BEGIN

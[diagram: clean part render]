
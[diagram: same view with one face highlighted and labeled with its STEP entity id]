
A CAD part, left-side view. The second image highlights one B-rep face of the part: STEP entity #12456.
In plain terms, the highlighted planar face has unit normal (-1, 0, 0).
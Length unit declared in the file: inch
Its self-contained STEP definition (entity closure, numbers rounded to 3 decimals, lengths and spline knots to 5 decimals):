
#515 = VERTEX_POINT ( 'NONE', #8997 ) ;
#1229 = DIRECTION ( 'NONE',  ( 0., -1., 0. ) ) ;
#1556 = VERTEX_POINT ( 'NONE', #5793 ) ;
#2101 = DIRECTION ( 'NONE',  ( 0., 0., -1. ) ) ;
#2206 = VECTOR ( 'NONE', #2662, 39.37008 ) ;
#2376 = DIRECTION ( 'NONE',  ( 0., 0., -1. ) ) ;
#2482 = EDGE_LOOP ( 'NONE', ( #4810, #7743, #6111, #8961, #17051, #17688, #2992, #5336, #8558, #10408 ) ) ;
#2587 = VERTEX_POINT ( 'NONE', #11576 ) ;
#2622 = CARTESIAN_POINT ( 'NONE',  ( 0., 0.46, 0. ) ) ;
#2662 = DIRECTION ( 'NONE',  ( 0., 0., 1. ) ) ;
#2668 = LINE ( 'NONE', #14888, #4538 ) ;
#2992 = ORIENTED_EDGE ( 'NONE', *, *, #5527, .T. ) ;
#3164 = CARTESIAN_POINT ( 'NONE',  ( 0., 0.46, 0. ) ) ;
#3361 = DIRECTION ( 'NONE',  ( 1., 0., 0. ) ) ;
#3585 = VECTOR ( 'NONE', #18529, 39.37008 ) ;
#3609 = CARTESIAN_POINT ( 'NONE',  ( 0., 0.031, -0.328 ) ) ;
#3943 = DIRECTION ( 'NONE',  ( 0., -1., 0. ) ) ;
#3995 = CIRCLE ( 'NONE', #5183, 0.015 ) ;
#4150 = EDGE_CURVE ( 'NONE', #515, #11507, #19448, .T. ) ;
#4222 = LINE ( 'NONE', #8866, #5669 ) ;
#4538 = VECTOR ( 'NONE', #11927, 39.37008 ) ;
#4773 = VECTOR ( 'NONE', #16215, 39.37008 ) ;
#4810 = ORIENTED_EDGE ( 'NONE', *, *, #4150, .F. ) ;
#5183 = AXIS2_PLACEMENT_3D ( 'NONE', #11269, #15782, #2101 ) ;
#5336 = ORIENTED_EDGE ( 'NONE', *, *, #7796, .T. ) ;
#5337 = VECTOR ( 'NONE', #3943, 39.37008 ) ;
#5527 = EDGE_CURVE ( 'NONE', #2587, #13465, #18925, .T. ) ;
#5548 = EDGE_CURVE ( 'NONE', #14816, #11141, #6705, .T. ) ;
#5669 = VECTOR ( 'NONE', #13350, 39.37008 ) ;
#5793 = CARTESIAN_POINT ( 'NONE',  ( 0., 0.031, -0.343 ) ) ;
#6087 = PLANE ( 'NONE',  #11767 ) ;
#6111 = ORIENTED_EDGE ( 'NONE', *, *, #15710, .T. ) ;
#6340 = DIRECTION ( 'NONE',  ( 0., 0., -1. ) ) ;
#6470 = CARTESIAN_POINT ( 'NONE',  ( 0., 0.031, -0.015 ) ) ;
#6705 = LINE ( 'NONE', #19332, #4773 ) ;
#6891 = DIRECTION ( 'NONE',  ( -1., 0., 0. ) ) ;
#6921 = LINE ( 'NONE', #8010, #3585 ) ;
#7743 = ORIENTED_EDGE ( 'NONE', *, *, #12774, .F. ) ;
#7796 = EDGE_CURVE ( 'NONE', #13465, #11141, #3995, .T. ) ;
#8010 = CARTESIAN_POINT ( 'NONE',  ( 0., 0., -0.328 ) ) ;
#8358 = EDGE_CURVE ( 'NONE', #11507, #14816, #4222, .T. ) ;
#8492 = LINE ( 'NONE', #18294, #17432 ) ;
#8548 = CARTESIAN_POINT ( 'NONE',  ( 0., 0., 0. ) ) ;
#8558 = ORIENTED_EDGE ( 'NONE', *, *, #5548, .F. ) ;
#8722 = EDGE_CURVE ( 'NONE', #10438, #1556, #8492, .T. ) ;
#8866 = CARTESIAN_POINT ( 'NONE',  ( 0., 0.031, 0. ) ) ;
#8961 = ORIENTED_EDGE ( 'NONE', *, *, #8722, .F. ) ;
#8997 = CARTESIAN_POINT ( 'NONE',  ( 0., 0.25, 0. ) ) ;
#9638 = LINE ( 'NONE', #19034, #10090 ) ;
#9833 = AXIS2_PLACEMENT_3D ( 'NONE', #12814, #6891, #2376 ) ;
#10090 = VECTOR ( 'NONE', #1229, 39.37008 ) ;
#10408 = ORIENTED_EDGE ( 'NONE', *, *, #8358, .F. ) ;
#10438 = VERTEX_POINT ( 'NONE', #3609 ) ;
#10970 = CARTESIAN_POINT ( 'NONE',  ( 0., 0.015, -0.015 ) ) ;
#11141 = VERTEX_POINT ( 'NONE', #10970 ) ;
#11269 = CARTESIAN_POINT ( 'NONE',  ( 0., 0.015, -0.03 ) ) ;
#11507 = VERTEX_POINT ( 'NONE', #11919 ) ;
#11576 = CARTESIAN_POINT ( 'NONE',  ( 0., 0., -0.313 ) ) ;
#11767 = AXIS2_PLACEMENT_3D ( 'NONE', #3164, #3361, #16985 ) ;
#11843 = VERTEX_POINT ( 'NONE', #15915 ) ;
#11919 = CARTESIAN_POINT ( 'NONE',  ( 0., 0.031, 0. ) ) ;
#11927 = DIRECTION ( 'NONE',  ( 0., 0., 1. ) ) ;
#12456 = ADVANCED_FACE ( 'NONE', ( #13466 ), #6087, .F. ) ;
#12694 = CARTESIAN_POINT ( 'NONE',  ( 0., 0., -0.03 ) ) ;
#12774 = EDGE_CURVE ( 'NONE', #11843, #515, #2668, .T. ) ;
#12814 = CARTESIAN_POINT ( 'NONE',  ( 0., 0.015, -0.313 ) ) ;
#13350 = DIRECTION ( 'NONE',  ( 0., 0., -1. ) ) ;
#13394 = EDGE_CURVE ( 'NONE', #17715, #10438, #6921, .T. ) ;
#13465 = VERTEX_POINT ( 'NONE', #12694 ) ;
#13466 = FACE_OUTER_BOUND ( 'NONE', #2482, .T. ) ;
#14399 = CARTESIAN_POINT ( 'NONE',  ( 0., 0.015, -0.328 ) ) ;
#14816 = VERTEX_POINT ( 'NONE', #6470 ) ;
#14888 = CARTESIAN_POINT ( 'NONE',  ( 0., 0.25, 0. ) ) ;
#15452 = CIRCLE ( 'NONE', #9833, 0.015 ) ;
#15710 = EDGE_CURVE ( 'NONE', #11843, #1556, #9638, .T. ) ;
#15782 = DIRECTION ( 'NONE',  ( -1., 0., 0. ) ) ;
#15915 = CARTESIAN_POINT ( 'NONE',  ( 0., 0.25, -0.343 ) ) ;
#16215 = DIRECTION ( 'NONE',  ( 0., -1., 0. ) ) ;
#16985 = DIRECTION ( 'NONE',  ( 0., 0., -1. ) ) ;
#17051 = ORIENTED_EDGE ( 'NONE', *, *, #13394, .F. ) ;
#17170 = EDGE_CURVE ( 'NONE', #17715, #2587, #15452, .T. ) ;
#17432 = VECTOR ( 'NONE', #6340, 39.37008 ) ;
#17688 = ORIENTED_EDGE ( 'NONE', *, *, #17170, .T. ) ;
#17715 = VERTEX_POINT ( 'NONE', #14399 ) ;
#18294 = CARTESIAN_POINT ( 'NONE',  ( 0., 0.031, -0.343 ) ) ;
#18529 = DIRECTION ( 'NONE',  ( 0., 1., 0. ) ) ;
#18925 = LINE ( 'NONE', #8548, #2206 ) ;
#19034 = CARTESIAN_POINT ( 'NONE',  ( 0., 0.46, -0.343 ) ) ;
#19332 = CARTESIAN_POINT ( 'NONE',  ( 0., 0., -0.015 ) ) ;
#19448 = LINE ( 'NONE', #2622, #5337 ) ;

END

WORK TASK. Go through the material and report each line that holds the string "unit".

ANSWER TO THIS TASK.
In plain terms, the highlighted planar face has unit normal (-1, 0, 0).
Length unit declared in the file: inch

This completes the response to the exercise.